The development of the recombinant alpha interferons has provided a prototype for the clinical development of biological compounds. Over 5,000 patients have now been treated with alpha interferons, and from this experience, some general principles relating to the phase I-III testing of biologicals have emerged. Clinical trials of alpha interferon have suggested dose-response relationships and provided a clearer picture of schedule dependence. These trials have also indicated that the extent of tumor burden and identification of sensitive patient subtypes may be critical factors affecting the potential activity of biological compounds. Recent studies using interferon in the treatment of chronic viral hepatitis have also generated promising results, suggesting an even greater antiviral role for the drug. The toxicity profile of the alpha interferons is unusual.
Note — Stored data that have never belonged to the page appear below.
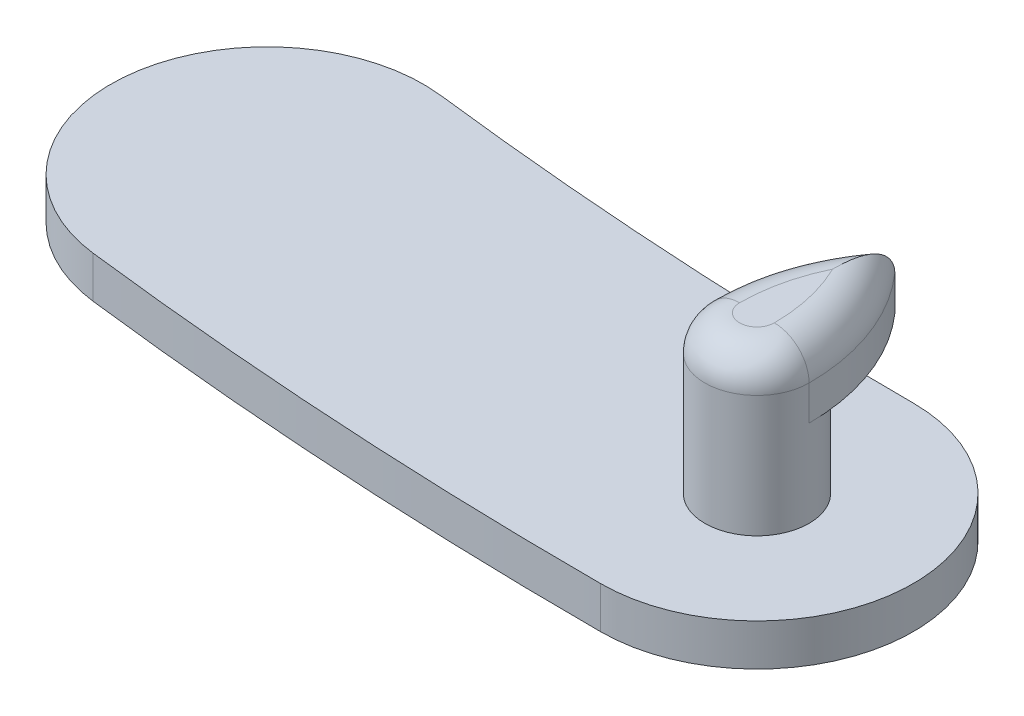
ISO-10303-21;
HEADER;
FILE_DESCRIPTION(('STEP AP214'),'2;1');
FILE_NAME('part.step','',(''),(''),'','','');
FILE_SCHEMA(('AUTOMOTIVE_DESIGN { 1 0 10303 214 1 1 1 1 }'));
ENDSEC;
DATA;
#1=APPLICATION_CONTEXT('core data for automotive mechanical design processes');
#2=APPLICATION_PROTOCOL_DEFINITION('international standard','automotive_design',2000,#1);
#3=PRODUCT_CONTEXT('',#1,'mechanical');
#4=PRODUCT('Part','Part','',(#3));
#5=PRODUCT_RELATED_PRODUCT_CATEGORY('part','',(#4));
#6=PRODUCT_DEFINITION_FORMATION('','',#4);
#7=PRODUCT_DEFINITION_CONTEXT('part definition',#1,'design');
#8=PRODUCT_DEFINITION('design','',#6,#7);
#9=PRODUCT_DEFINITION_SHAPE('','',#8);
#10=(LENGTH_UNIT() NAMED_UNIT(*) SI_UNIT(.MILLI.,.METRE.));
#11=(NAMED_UNIT(*) PLANE_ANGLE_UNIT() SI_UNIT($,.RADIAN.));
#12=(NAMED_UNIT(*) SI_UNIT($,.STERADIAN.) SOLID_ANGLE_UNIT());
#13=UNCERTAINTY_MEASURE_WITH_UNIT(LENGTH_MEASURE(1.E-05),#10,'distance_accuracy_value','');
#14=(GEOMETRIC_REPRESENTATION_CONTEXT(3) GLOBAL_UNCERTAINTY_ASSIGNED_CONTEXT((#13)) GLOBAL_UNIT_ASSIGNED_CONTEXT((#10,
#11,#12)) REPRESENTATION_CONTEXT('',''));
#15=CARTESIAN_POINT('',(0.,0.,0.));
#16=DIRECTION('',(0.,0.,1.));
#17=DIRECTION('',(1.,0.,0.));
#18=AXIS2_PLACEMENT_3D('',#15,#16,#17);
#19=CARTESIAN_POINT('',(5.715,1.524,-165.735));
#20=DIRECTION('',(0.,-1.,0.));
#21=DIRECTION('',(0.,0.,-1.));
#22=AXIS2_PLACEMENT_3D('',#19,#20,#21);
#23=CYLINDRICAL_SURFACE('',#22,165.1);
#24=CARTESIAN_POINT('',(5.715,0.,-165.735));
#25=DIRECTION('',(0.,1.,0.));
#26=DIRECTION('',(0.,0.,1.));
#27=AXIS2_PLACEMENT_3D('',#24,#25,#26);
#28=CIRCLE('',#27,165.1);
#29=CARTESIAN_POINT('',(-14.0180677290837,0.,-1.81850895044332));
#30=VERTEX_POINT('',#29);
#31=CARTESIAN_POINT('',(5.715,0.,-0.634999999999997));
#32=VERTEX_POINT('',#31);
#33=EDGE_CURVE('E127',#30,#32,#28,.T.);
#34=ORIENTED_EDGE('',*,*,#33,.T.);
#35=DIRECTION('',(0.,-1.,0.));
#36=VECTOR('',#35,1.);
#37=CARTESIAN_POINT('',(5.715,1.524,-0.634999999999997));
#38=LINE('',#37,#36);
#39=CARTESIAN_POINT('',(5.715,1.524,-0.634999999999997));
#40=VERTEX_POINT('',#39);
#41=EDGE_CURVE('E166',#40,#32,#38,.T.);
#42=ORIENTED_EDGE('',*,*,#41,.F.);
#43=CARTESIAN_POINT('',(5.715,1.524,-165.735));
#44=DIRECTION('',(0.,1.,0.));
#45=DIRECTION('',(0.,0.,1.));
#46=AXIS2_PLACEMENT_3D('',#43,#44,#45);
#47=CIRCLE('',#46,165.1);
#48=CARTESIAN_POINT('',(-14.0180677290837,1.524,-1.81850895044332));
#49=VERTEX_POINT('',#48);
#50=EDGE_CURVE('E139',#49,#40,#47,.T.);
#51=ORIENTED_EDGE('',*,*,#50,.F.);
#52=DIRECTION('',(0.,-1.,0.));
#53=VECTOR('',#52,1.);
#54=CARTESIAN_POINT('',(-14.0180677290837,1.524,-1.81850895044332));
#55=LINE('',#54,#53);
#56=EDGE_CURVE('E150',#49,#30,#55,.T.);
#57=ORIENTED_EDGE('',*,*,#56,.T.);
#58=EDGE_LOOP('',(#34,#42,#51,#57));
#59=FACE_BOUND('',#58,.T.);
#60=ADVANCED_FACE('F41',(#59),#23,.T.);
#61=CARTESIAN_POINT('',(5.715,1.524,-6.34999999999999));
#62=DIRECTION('',(0.,-1.,0.));
#63=DIRECTION('',(0.,0.,-1.));
#64=AXIS2_PLACEMENT_3D('',#61,#62,#63);
#65=CYLINDRICAL_SURFACE('',#64,5.715);
#66=CARTESIAN_POINT('',(5.715,0.,-6.34999999999999));
#67=DIRECTION('',(0.,1.,0.));
#68=DIRECTION('',(0.,0.,1.));
#69=AXIS2_PLACEMENT_3D('',#66,#67,#68);
#70=CIRCLE('',#69,5.715);
#71=CARTESIAN_POINT('',(5.715,0.,-12.065));
#72=VERTEX_POINT('',#71);
#73=EDGE_CURVE('E153',#32,#72,#70,.T.);
#74=ORIENTED_EDGE('',*,*,#73,.T.);
#75=DIRECTION('',(0.,-1.,0.));
#76=VECTOR('',#75,1.);
#77=CARTESIAN_POINT('',(5.715,1.524,-12.065));
#78=LINE('',#77,#76);
#79=CARTESIAN_POINT('',(5.715,1.524,-12.065));
#80=VERTEX_POINT('',#79);
#81=EDGE_CURVE('E164',#80,#72,#78,.T.);
#82=ORIENTED_EDGE('',*,*,#81,.F.);
#83=CARTESIAN_POINT('',(5.715,1.524,-6.34999999999999));
#84=DIRECTION('',(0.,1.,0.));
#85=DIRECTION('',(0.,0.,1.));
#86=AXIS2_PLACEMENT_3D('',#83,#84,#85);
#87=CIRCLE('',#86,5.715);
#88=EDGE_CURVE('E142',#40,#80,#87,.T.);
#89=ORIENTED_EDGE('',*,*,#88,.F.);
#90=ORIENTED_EDGE('',*,*,#41,.T.);
#91=EDGE_LOOP('',(#74,#82,#89,#90));
#92=FACE_BOUND('',#91,.T.);
#93=ADVANCED_FACE('F197',(#92),#65,.T.);
#94=CARTESIAN_POINT('',(5.715,1.524,-165.735));
#95=DIRECTION('',(0.,-1.,0.));
#96=DIRECTION('',(0.,0.,-1.));
#97=AXIS2_PLACEMENT_3D('',#94,#95,#96);
#98=CYLINDRICAL_SURFACE('',#97,153.67);
#99=CARTESIAN_POINT('',(5.715,0.,-165.735));
#100=DIRECTION('',(0.,1.,0.));
#101=DIRECTION('',(0.,0.,1.));
#102=AXIS2_PLACEMENT_3D('',#99,#100,#101);
#103=CIRCLE('',#102,153.67);
#104=CARTESIAN_POINT('',(-12.6519322709163,0.,-13.1665737154126));
#105=VERTEX_POINT('',#104);
#106=EDGE_CURVE('E156',#105,#72,#103,.T.);
#107=ORIENTED_EDGE('',*,*,#106,.F.);
#108=DIRECTION('',(0.,-1.,0.));
#109=VECTOR('',#108,1.);
#110=CARTESIAN_POINT('',(-12.6519322709163,1.524,-13.1665737154126));
#111=LINE('',#110,#109);
#112=CARTESIAN_POINT('',(-12.6519322709163,1.524,-13.1665737154126));
#113=VERTEX_POINT('',#112);
#114=EDGE_CURVE('E162',#113,#105,#111,.T.);
#115=ORIENTED_EDGE('',*,*,#114,.F.);
#116=CARTESIAN_POINT('',(5.715,1.524,-165.735));
#117=DIRECTION('',(0.,1.,0.));
#118=DIRECTION('',(0.,0.,1.));
#119=AXIS2_PLACEMENT_3D('',#116,#117,#118);
#120=CIRCLE('',#119,153.67);
#121=EDGE_CURVE('E145',#113,#80,#120,.T.);
#122=ORIENTED_EDGE('',*,*,#121,.T.);
#123=ORIENTED_EDGE('',*,*,#81,.T.);
#124=EDGE_LOOP('',(#107,#115,#122,#123));
#125=FACE_BOUND('',#124,.T.);
#126=ADVANCED_FACE('F202',(#125),#98,.F.);
#127=CARTESIAN_POINT('',(-13.335,1.524,-7.49254133292795));
#128=DIRECTION('',(0.,-1.,0.));
#129=DIRECTION('',(0.,0.,-1.));
#130=AXIS2_PLACEMENT_3D('',#127,#128,#129);
#131=CYLINDRICAL_SURFACE('',#130,5.715);
#132=CARTESIAN_POINT('',(-13.335,0.,-7.49254133292795));
#133=DIRECTION('',(0.,1.,0.));
#134=DIRECTION('',(0.,0.,1.));
#135=AXIS2_PLACEMENT_3D('',#132,#133,#134);
#136=CIRCLE('',#135,5.715);
#137=EDGE_CURVE('E143',#105,#30,#136,.T.);
#138=ORIENTED_EDGE('',*,*,#137,.T.);
#139=ORIENTED_EDGE('',*,*,#56,.F.);
#140=CARTESIAN_POINT('',(-13.335,1.524,-7.49254133292795));
#141=DIRECTION('',(0.,1.,0.));
#142=DIRECTION('',(0.,0.,1.));
#143=AXIS2_PLACEMENT_3D('',#140,#141,#142);
#144=CIRCLE('',#143,5.715);
#145=EDGE_CURVE('E148',#113,#49,#144,.T.);
#146=ORIENTED_EDGE('',*,*,#145,.F.);
#147=ORIENTED_EDGE('',*,*,#114,.T.);
#148=EDGE_LOOP('',(#138,#139,#146,#147));
#149=FACE_BOUND('',#148,.T.);
#150=ADVANCED_FACE('F208',(#149),#131,.T.);
#151=CARTESIAN_POINT('',(0.,1.524,0.));
#152=DIRECTION('',(0.,1.,0.));
#153=DIRECTION('',(0.,0.,1.));
#154=AXIS2_PLACEMENT_3D('',#151,#152,#153);
#155=PLANE('',#154);
#156=CARTESIAN_POINT('',(5.715,1.524,-6.35));
#157=DIRECTION('',(0.,1.,0.));
#158=DIRECTION('',(0.,0.,1.));
#159=AXIS2_PLACEMENT_3D('',#156,#157,#158);
#160=CIRCLE('',#159,1.905);
#161=CARTESIAN_POINT('',(5.715,1.524,-4.445));
#162=VERTEX_POINT('',#161);
#163=EDGE_CURVE('E128',#162,#162,#160,.T.);
#164=ORIENTED_EDGE('',*,*,#163,.F.);
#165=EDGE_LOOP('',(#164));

Fever and influenza-like symptoms occur in almost all patients at all doses and schedules, and are usually dose limiting. Somnolence and other generally mild CNS effects occur in a small percentage of patients. Hematologic toxicity occurs but is minimal at lower doses and is noncumulative and rapidly reversible at all doses. Gastrointestinal toxicity is mild. No other unusual or unexpected toxicities have been reported, and early reports of cardiovascular toxicity have not been confirmed in large trials. The full role of alpha interferon in antineoplastic and antiviral therapy will be resolved in the coming years. This review summarizes existing safety and efficacy data for the alpha interferons.